• ASSIGNMENT: Tally every line in the data that has the word "length" and report only the total.

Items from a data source
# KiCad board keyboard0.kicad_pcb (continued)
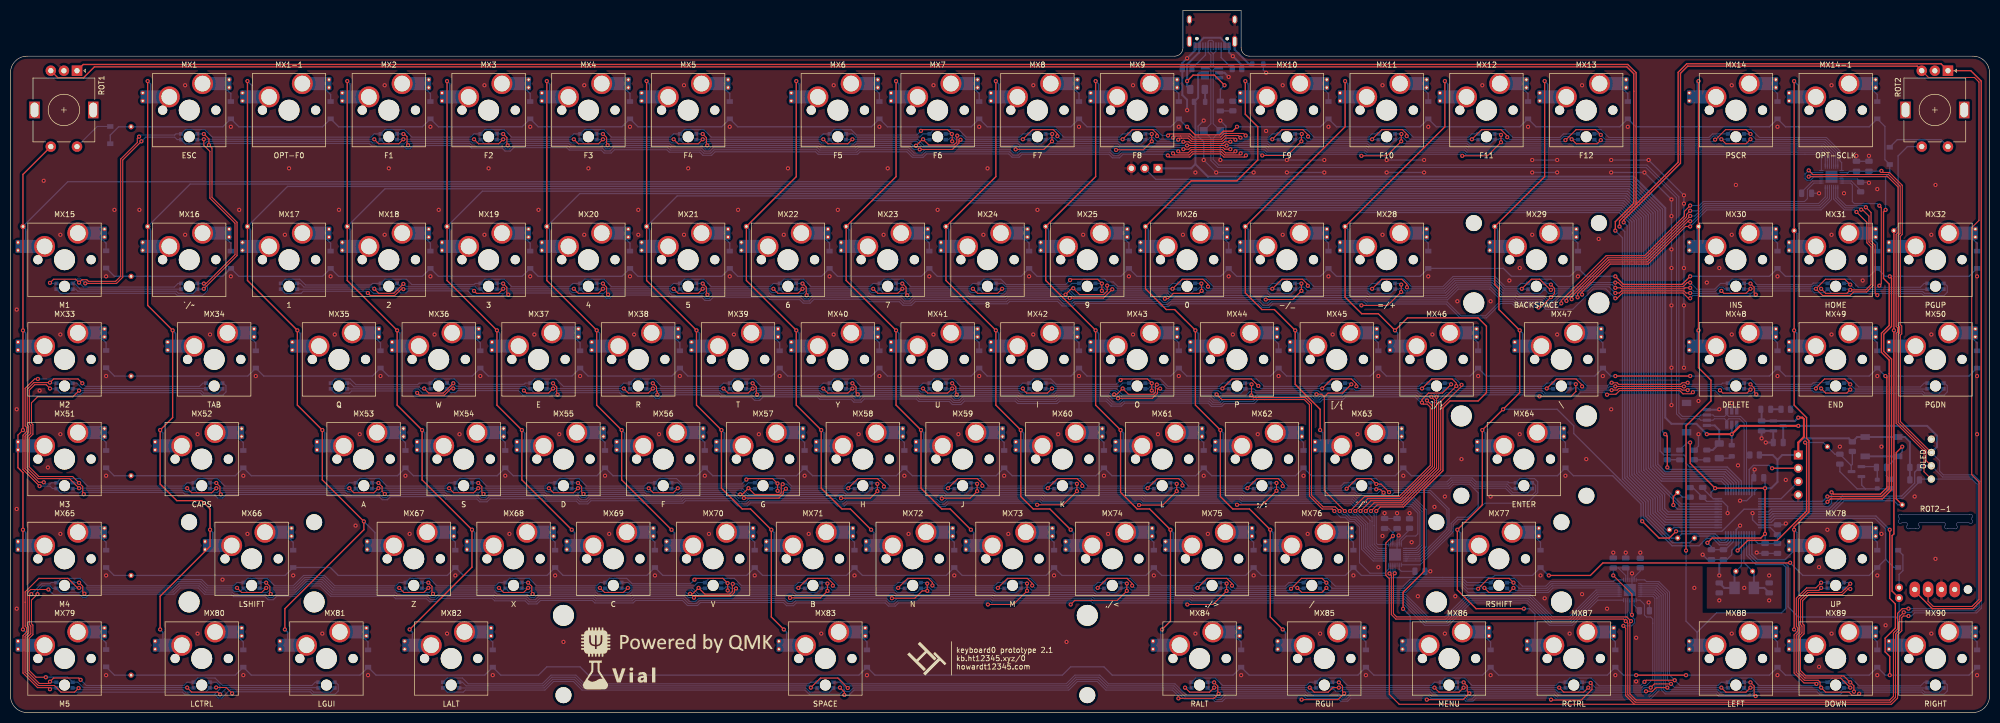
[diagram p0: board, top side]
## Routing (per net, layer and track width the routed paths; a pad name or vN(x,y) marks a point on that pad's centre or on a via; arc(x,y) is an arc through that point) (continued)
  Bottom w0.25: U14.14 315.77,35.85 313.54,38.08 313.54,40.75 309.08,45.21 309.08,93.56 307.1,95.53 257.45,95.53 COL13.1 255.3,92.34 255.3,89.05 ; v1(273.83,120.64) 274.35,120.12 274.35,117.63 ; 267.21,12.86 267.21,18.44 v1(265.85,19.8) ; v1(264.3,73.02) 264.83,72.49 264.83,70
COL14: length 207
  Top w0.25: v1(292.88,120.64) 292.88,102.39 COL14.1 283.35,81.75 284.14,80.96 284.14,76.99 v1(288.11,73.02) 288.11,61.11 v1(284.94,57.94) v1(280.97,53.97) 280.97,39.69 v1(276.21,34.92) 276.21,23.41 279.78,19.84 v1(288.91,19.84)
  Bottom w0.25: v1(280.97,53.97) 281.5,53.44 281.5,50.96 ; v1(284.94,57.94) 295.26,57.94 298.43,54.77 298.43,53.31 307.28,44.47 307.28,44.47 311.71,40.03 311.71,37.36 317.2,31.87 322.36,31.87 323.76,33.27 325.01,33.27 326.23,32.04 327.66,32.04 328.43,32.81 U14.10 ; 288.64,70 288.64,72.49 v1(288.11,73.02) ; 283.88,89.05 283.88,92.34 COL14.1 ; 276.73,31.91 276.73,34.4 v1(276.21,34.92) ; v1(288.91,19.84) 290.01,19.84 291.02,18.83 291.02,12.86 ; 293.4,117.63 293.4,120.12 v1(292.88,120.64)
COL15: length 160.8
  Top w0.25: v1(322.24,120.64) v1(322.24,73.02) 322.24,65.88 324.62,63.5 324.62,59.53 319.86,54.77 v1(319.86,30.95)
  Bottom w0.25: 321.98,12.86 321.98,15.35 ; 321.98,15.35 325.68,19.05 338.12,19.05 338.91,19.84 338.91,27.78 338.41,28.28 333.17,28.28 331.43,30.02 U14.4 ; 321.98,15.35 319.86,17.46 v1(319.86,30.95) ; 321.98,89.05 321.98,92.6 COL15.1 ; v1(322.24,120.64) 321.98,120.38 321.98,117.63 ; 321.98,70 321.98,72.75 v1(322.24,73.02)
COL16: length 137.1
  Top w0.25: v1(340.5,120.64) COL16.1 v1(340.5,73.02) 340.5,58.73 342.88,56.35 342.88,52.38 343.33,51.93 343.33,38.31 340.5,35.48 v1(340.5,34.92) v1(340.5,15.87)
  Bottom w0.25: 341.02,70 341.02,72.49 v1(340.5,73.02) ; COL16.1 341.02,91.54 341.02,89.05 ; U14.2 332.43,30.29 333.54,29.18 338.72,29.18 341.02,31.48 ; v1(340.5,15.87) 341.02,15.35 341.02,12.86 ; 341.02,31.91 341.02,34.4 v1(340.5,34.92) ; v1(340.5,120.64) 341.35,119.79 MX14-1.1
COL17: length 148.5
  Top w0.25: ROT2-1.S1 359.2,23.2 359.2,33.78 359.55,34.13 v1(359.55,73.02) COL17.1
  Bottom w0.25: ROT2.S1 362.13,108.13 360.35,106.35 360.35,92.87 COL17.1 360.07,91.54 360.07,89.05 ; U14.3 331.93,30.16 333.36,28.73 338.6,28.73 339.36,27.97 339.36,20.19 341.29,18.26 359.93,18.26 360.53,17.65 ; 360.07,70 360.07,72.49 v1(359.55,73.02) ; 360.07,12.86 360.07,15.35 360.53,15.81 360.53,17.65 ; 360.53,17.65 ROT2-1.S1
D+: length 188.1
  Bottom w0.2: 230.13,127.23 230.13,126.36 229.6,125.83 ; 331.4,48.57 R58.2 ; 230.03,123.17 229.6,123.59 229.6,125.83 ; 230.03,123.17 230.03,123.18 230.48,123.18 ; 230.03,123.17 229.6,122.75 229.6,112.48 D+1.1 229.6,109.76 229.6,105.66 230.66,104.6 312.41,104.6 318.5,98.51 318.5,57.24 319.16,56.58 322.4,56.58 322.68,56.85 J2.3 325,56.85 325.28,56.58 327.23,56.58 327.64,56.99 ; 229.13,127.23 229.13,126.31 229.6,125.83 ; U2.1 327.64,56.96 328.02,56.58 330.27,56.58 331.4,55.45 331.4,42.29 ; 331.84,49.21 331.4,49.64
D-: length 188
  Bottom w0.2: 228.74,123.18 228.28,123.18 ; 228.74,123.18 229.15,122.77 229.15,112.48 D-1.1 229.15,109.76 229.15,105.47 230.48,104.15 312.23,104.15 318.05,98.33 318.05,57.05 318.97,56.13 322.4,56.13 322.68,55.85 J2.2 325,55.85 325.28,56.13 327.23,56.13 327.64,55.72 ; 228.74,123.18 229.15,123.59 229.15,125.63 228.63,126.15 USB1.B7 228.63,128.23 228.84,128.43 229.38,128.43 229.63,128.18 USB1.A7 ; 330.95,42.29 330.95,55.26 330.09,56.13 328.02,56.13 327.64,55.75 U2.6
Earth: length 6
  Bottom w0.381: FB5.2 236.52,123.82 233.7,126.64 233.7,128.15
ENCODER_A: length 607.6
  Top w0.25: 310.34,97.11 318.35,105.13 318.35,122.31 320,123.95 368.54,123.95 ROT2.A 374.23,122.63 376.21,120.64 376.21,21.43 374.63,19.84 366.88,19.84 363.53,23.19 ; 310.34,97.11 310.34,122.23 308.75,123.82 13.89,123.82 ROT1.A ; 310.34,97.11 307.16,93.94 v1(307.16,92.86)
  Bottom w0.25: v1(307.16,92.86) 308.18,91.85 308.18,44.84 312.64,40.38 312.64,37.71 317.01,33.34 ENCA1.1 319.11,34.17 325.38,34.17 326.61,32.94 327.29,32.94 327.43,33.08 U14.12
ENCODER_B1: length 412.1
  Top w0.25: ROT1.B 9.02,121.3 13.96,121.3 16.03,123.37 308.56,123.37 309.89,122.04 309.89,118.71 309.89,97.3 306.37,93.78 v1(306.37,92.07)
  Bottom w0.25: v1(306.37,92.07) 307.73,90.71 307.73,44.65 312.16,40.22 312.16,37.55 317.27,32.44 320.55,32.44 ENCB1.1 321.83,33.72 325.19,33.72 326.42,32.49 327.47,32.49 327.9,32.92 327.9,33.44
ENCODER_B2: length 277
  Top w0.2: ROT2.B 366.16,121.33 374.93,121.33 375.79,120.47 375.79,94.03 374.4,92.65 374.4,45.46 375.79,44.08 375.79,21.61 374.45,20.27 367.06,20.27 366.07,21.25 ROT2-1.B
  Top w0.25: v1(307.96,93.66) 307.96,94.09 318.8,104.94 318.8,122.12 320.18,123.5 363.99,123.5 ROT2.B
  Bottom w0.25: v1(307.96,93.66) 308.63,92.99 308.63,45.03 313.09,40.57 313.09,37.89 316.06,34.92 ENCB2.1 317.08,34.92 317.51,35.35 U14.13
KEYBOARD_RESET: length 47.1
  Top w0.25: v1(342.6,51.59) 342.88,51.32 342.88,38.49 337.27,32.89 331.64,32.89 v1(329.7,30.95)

• REPLY: 11